Interesting observation 4: Glenn Greenwald was sort of right. Independent media is maybe most lucrative for people who, for any number of reasons, don’t really have a home elsewhere. There are obviously tons of exceptions! There are a lot of people whose work would be welcome in major publications everywhere who succeed as independents. But I do think having exhausted your options by constantly alienating people or getting kicked out of other places can help.
Discourse Funding
Take Alex Berenson, “The Pandemic’s Wrongest Man.” Alex doesn’t have a lot of options, publication-wise from the mainstream media. I’m sure there are plenty of Infowars-y sites that would take him and that he’d do well there an earn some money. But he’d also have to take on the liability of being full-MAGA, which I don’t think he is. Being independent is a far better deal for people like this. Anyhow, it seems Berenson is making a solid amount of money. He has over 10,000 paid subscribers, which puts his annualized revenue floor at $720,000. There are more expensive tiers, so I’m guessing he’s making more than that. It’s a lot of money for posts like this:
Weirder yet, Berenson is not on any of the Substack leaderboards, despite being one of probably only about 15 publications to top 10,000+ paid subscribers. That’s curious to me.
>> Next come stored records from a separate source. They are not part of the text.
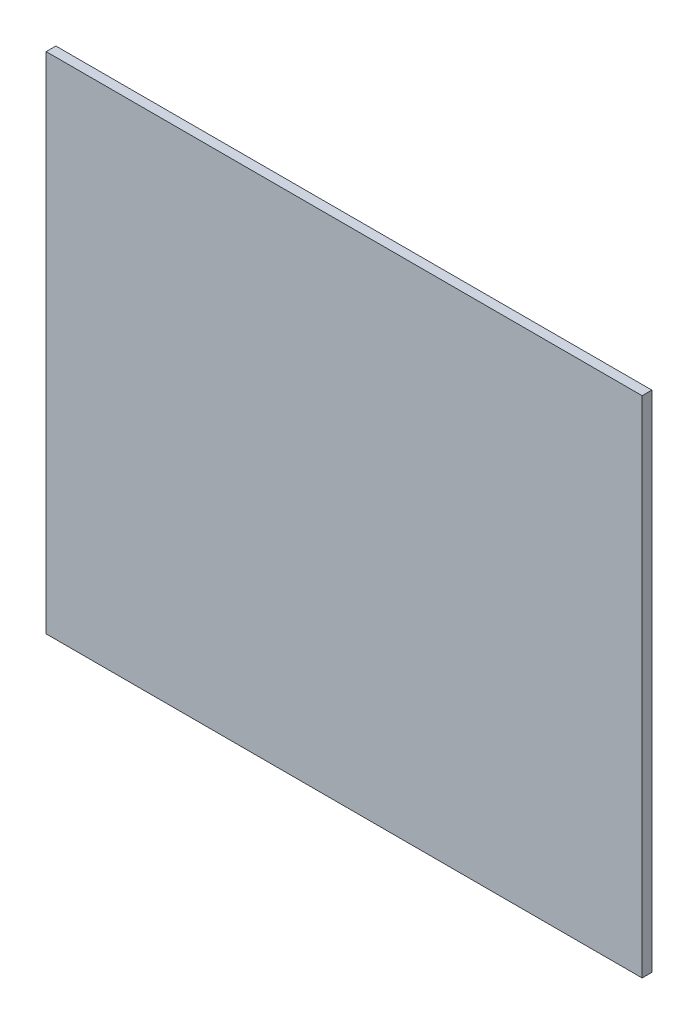
ISO-10303-21;
HEADER;
FILE_DESCRIPTION(('STEP AP214'),'2;1');
FILE_NAME('part.step','',(''),(''),'','','');
FILE_SCHEMA(('AUTOMOTIVE_DESIGN { 1 0 10303 214 1 1 1 1 }'));
ENDSEC;
DATA;
#1=APPLICATION_CONTEXT('core data for automotive mechanical design processes');
#2=APPLICATION_PROTOCOL_DEFINITION('international standard','automotive_design',2000,#1);
#3=PRODUCT_CONTEXT('',#1,'mechanical');
#4=PRODUCT('Part','Part','',(#3));
#5=PRODUCT_RELATED_PRODUCT_CATEGORY('part','',(#4));
#6=PRODUCT_DEFINITION_FORMATION('','',#4);
#7=PRODUCT_DEFINITION_CONTEXT('part definition',#1,'design');
#8=PRODUCT_DEFINITION('design','',#6,#7);
#9=PRODUCT_DEFINITION_SHAPE('','',#8);
#10=(LENGTH_UNIT() NAMED_UNIT(*) SI_UNIT(.MILLI.,.METRE.));
#11=(NAMED_UNIT(*) PLANE_ANGLE_UNIT() SI_UNIT($,.RADIAN.));
#12=(NAMED_UNIT(*) SI_UNIT($,.STERADIAN.) SOLID_ANGLE_UNIT());
#13=UNCERTAINTY_MEASURE_WITH_UNIT(LENGTH_MEASURE(1.E-05),#10,'distance_accuracy_value','');
#14=(GEOMETRIC_REPRESENTATION_CONTEXT(3) GLOBAL_UNCERTAINTY_ASSIGNED_CONTEXT((#13)) GLOBAL_UNIT_ASSIGNED_CONTEXT((#10,
#11,#12)) REPRESENTATION_CONTEXT('',''));
#15=CARTESIAN_POINT('',(0.,0.,0.));
#16=DIRECTION('',(0.,0.,1.));
#17=DIRECTION('',(1.,0.,0.));
#18=AXIS2_PLACEMENT_3D('',#15,#16,#17);
#19=CARTESIAN_POINT('',(0.,0.,6.35));
#20=DIRECTION('',(1.,0.,0.));
#21=DIRECTION('',(0.,0.,-1.));
#22=AXIS2_PLACEMENT_3D('',#19,#20,#21);
#23=PLANE('',#22);
#24=DIRECTION('',(0.,-1.,0.));
#25=VECTOR('',#24,1.);
#26=CARTESIAN_POINT('',(0.,0.,0.));
#27=LINE('',#26,#25);
#28=CARTESIAN_POINT('',(0.,330.,0.));
#29=VERTEX_POINT('',#28);
#30=CARTESIAN_POINT('',(0.,0.,0.));
#31=VERTEX_POINT('',#30);
#32=EDGE_CURVE('E100',#29,#31,#27,.T.);
#33=ORIENTED_EDGE('',*,*,#32,.T.);
#34=DIRECTION('',(0.,0.,-1.));
#35=VECTOR('',#34,1.);
#36=CARTESIAN_POINT('',(0.,0.,6.35));
#37=LINE('',#36,#35);
#38=CARTESIAN_POINT('',(0.,0.,6.35));
#39=VERTEX_POINT('',#38);
#40=EDGE_CURVE('E11',#39,#31,#37,.T.);
#41=ORIENTED_EDGE('',*,*,#40,.F.);
#42=DIRECTION('',(0.,-1.,0.));
#43=VECTOR('',#42,1.);
#44=CARTESIAN_POINT('',(0.,0.,6.35));
#45=LINE('',#44,#43);
#46=CARTESIAN_POINT('',(0.,330.,6.35));
#47=VERTEX_POINT('',#46);
#48=EDGE_CURVE('E88',#47,#39,#45,.T.);
#49=ORIENTED_EDGE('',*,*,#48,.F.);
#50=DIRECTION('',(0.,0.,-1.));
#51=VECTOR('',#50,1.);
#52=CARTESIAN_POINT('',(0.,330.,6.35));
#53=LINE('',#52,#51);
#54=EDGE_CURVE('E96',#47,#29,#53,.T.);
#55=ORIENTED_EDGE('',*,*,#54,.T.);
#56=EDGE_LOOP('',(#33,#41,#49,#55));
#57=FACE_BOUND('',#56,.T.);
#58=ADVANCED_FACE('F37',(#57),#23,.F.);
#59=CARTESIAN_POINT('',(0.,0.,6.35));
#60=DIRECTION('',(0.,1.,0.));
#61=DIRECTION('',(0.,0.,1.));
#62=AXIS2_PLACEMENT_3D('',#59,#60,#61);
#63=PLANE('',#62);
#64=DIRECTION('',(1.,0.,0.));
#65=VECTOR('',#64,1.);
#66=CARTESIAN_POINT('',(0.,0.,0.));
#67=LINE('',#66,#65);
#68=CARTESIAN_POINT('',(390.,0.,0.));
#69=VERTEX_POINT('',#68);
#70=EDGE_CURVE('E92',#31,#69,#67,.T.);
#71=ORIENTED_EDGE('',*,*,#70,.T.);
#72=DIRECTION('',(0.,0.,-1.));
#73=VECTOR('',#72,1.);
#74=CARTESIAN_POINT('',(390.,0.,6.35));
#75=LINE('',#74,#73);
#76=CARTESIAN_POINT('',(390.,0.,6.35));
#77=VERTEX_POINT('',#76);
#78=EDGE_CURVE('E45',#77,#69,#75,.T.);
#79=ORIENTED_EDGE('',*,*,#78,.F.);
#80=DIRECTION('',(1.,0.,0.));
#81=VECTOR('',#80,1.);
#82=CARTESIAN_POINT('',(0.,0.,6.35));
#83=LINE('',#82,#81);
#84=EDGE_CURVE('E83',#39,#77,#83,.T.);
#85=ORIENTED_EDGE('',*,*,#84,.F.);
#86=ORIENTED_EDGE('',*,*,#40,.T.);
#87=EDGE_LOOP('',(#71,#79,#85,#86));
#88=FACE_BOUND('',#87,.T.);
#89=ADVANCED_FACE('F91',(#88),#63,.F.);
#90=CARTESIAN_POINT('',(390.,0.,6.35));
#91=DIRECTION('',(-1.,0.,0.));
#92=DIRECTION('',(0.,0.,1.));
#93=AXIS2_PLACEMENT_3D('',#90,#91,#92);
#94=PLANE('',#93);
#95=DIRECTION('',(0.,1.,0.));
#96=VECTOR('',#95,1.);
#97=CARTESIAN_POINT('',(390.,0.,0.));
#98=LINE('',#97,#96);
#99=CARTESIAN_POINT('',(390.,330.,0.));
#100=VERTEX_POINT('',#99);
#101=EDGE_CURVE('E70',#69,#100,#98,.T.);
#102=ORIENTED_EDGE('',*,*,#101,.T.);
#103=DIRECTION('',(0.,0.,-1.));
#104=VECTOR('',#103,1.);
#105=CARTESIAN_POINT('',(390.,330.,6.35));
#106=LINE('',#105,#104);
#107=CARTESIAN_POINT('',(390.,330.,6.35));
#108=VERTEX_POINT('',#107);
#109=EDGE_CURVE('E93',#108,#100,#106,.T.);
#110=ORIENTED_EDGE('',*,*,#109,.F.);
#111=DIRECTION('',(0.,1.,0.));
#112=VECTOR('',#111,1.);
#113=CARTESIAN_POINT('',(390.,0.,6.35));
#114=LINE('',#113,#112);
#115=EDGE_CURVE('E86',#77,#108,#114,.T.);
#116=ORIENTED_EDGE('',*,*,#115,.F.);
#117=ORIENTED_EDGE('',*,*,#78,.T.);
#118=EDGE_LOOP('',(#102,#110,#116,#117));
#119=FACE_BOUND('',#118,.T.);
#120=ADVANCED_FACE('F94',(#119),#94,.F.);
#121=CARTESIAN_POINT('',(0.,330.,6.35));
#122=DIRECTION('',(0.,-1.,0.));
#123=DIRECTION('',(0.,0.,-1.));
#124=AXIS2_PLACEMENT_3D('',#121,#122,#123);
#125=PLANE('',#124);
#126=DIRECTION('',(-1.,0.,0.));
#127=VECTOR('',#126,1.);
#128=CARTESIAN_POINT('',(0.,330.,0.));
#129=LINE('',#128,#127);
#130=EDGE_CURVE('E76',#100,#29,#129,.T.);
#131=ORIENTED_EDGE('',*,*,#130,.T.);
#132=ORIENTED_EDGE('',*,*,#54,.F.);
#133=DIRECTION('',(-1.,0.,0.));
#134=VECTOR('',#133,1.);
#135=CARTESIAN_POINT('',(0.,330.,6.35));
#136=LINE('',#135,#134);
#137=EDGE_CURVE('E53',#108,#47,#136,.T.);
#138=ORIENTED_EDGE('',*,*,#137,.F.);
#139=ORIENTED_EDGE('',*,*,#109,.T.);
#140=EDGE_LOOP('',(#131,#132,#138,#139));
#141=FACE_BOUND('',#140,.T.);
#142=ADVANCED_FACE('F107',(#141),#125,.F.);
#143=CARTESIAN_POINT('',(0.,0.,6.35));
#144=DIRECTION('',(0.,0.,-1.));
#145=DIRECTION('',(-1.,0.,0.));
#146=AXIS2_PLACEMENT_3D('',#143,#144,#145);
#147=PLANE('',#146);
#148=ORIENTED_EDGE('',*,*,#48,.T.);
#149=ORIENTED_EDGE('',*,*,#84,.T.);
#150=ORIENTED_EDGE('',*,*,#115,.T.);
#151=ORIENTED_EDGE('',*,*,#137,.T.);
#152=EDGE_LOOP('',(#148,#149,#150,#151));
#153=FACE_BOUND('',#152,.T.);
#154=ADVANCED_FACE('F84',(#153),#147,.F.);
#155=CARTESIAN_POINT('',(0.,0.,0.));
#156=DIRECTION('',(0.,0.,-1.));
#157=DIRECTION('',(-1.,0.,0.));
#158=AXIS2_PLACEMENT_3D('',#155,#156,#157);
#159=PLANE('',#158);
#160=ORIENTED_EDGE('',*,*,#32,.F.);
#161=ORIENTED_EDGE('',*,*,#130,.F.);
#162=ORIENTED_EDGE('',*,*,#101,.F.);
#163=ORIENTED_EDGE('',*,*,#70,.F.);
#164=EDGE_LOOP('',(#160,#161,#162,#163));
#165=FACE_BOUND('',#164,.T.);
#166=ADVANCED_FACE('F110',(#165),#159,.T.);
#167=CLOSED_SHELL('',(#58,#89,#120,#142,#154,#166));
#168=MANIFOLD_SOLID_BREP('B2',#167);
#169=ADVANCED_BREP_SHAPE_REPRESENTATION('',(#18,#168),#14);
#170=SHAPE_DEFINITION_REPRESENTATION(#9,#169);
ENDSEC;
END-ISO-10303-21;

For people whose work is either too wonky or too reactionary, or too progressive or too reckless or too ‘whatever’ to be palatable to a mainstream media organization, independent projects like a newsletter fit. People are more willing to pay for content that wouldn’t exist elsewhere. And, if it’s grievance-based, there’s some amount of ‘Discourse Funding’ that’s going on. I pay this person to keep pissing off these people.
In some cases, this dynamic allows new, fresh, and exciting voices to emerge. But I’d say that the way Substack works now, there’s a massive structural advantage for voices who’ve already had big platforms to come in and grow louder. There are exceptions to this rule but generally, it seems much harder for people who didn’t have that platform to begin with to find audience when they go independent with a newsletter. I do think newsletter discovery is in its early days and I hope more people work to surface the good stuff. It would be a shame if newsletters were primarily a lucrative exit strategy for cantankerous, big-name personalities who’ve pissed off so many people that nobody wants to work with them anymore.
But, anyhow, Glenn was sort of right. Substack has offered me the ability to follow my own passions and curiosities (I’m so grateful for that) but my work is probably not so insanely different from what I’d be doing in mainstream orgs and I think that can factor into who pays.
Ok! That’s that. This has been quite a run. You confidence, your kind words, your sharing on social media, and your subscriber dollars are the only thing that powered this experiment. I’m indebted to you all and extremely humbled by it. I hope you’ll join me over at The Atlantic. I will never forget all the people (including the fine folks at Substack, who genuinely are working to help writers make money and do their thing) who’ve helped and supported me these last seven months. I’m humbled and forever thankful to you all. Thank you. THANK YOU. T H A N K Y O U .
Smell ya later (fondly),
Charlie
Thanks for taking the time to write this up, Charlie. As an independent journalist on the platform, it's really helpful to have real benchmarks from other writers. Best of luck at the Atlantic, looking forward to reading you there!
I'm a long-time subscriber to The Atlantic who really misses the blogging era (esp. Coates and his "horde"). I look forward to seeing you there.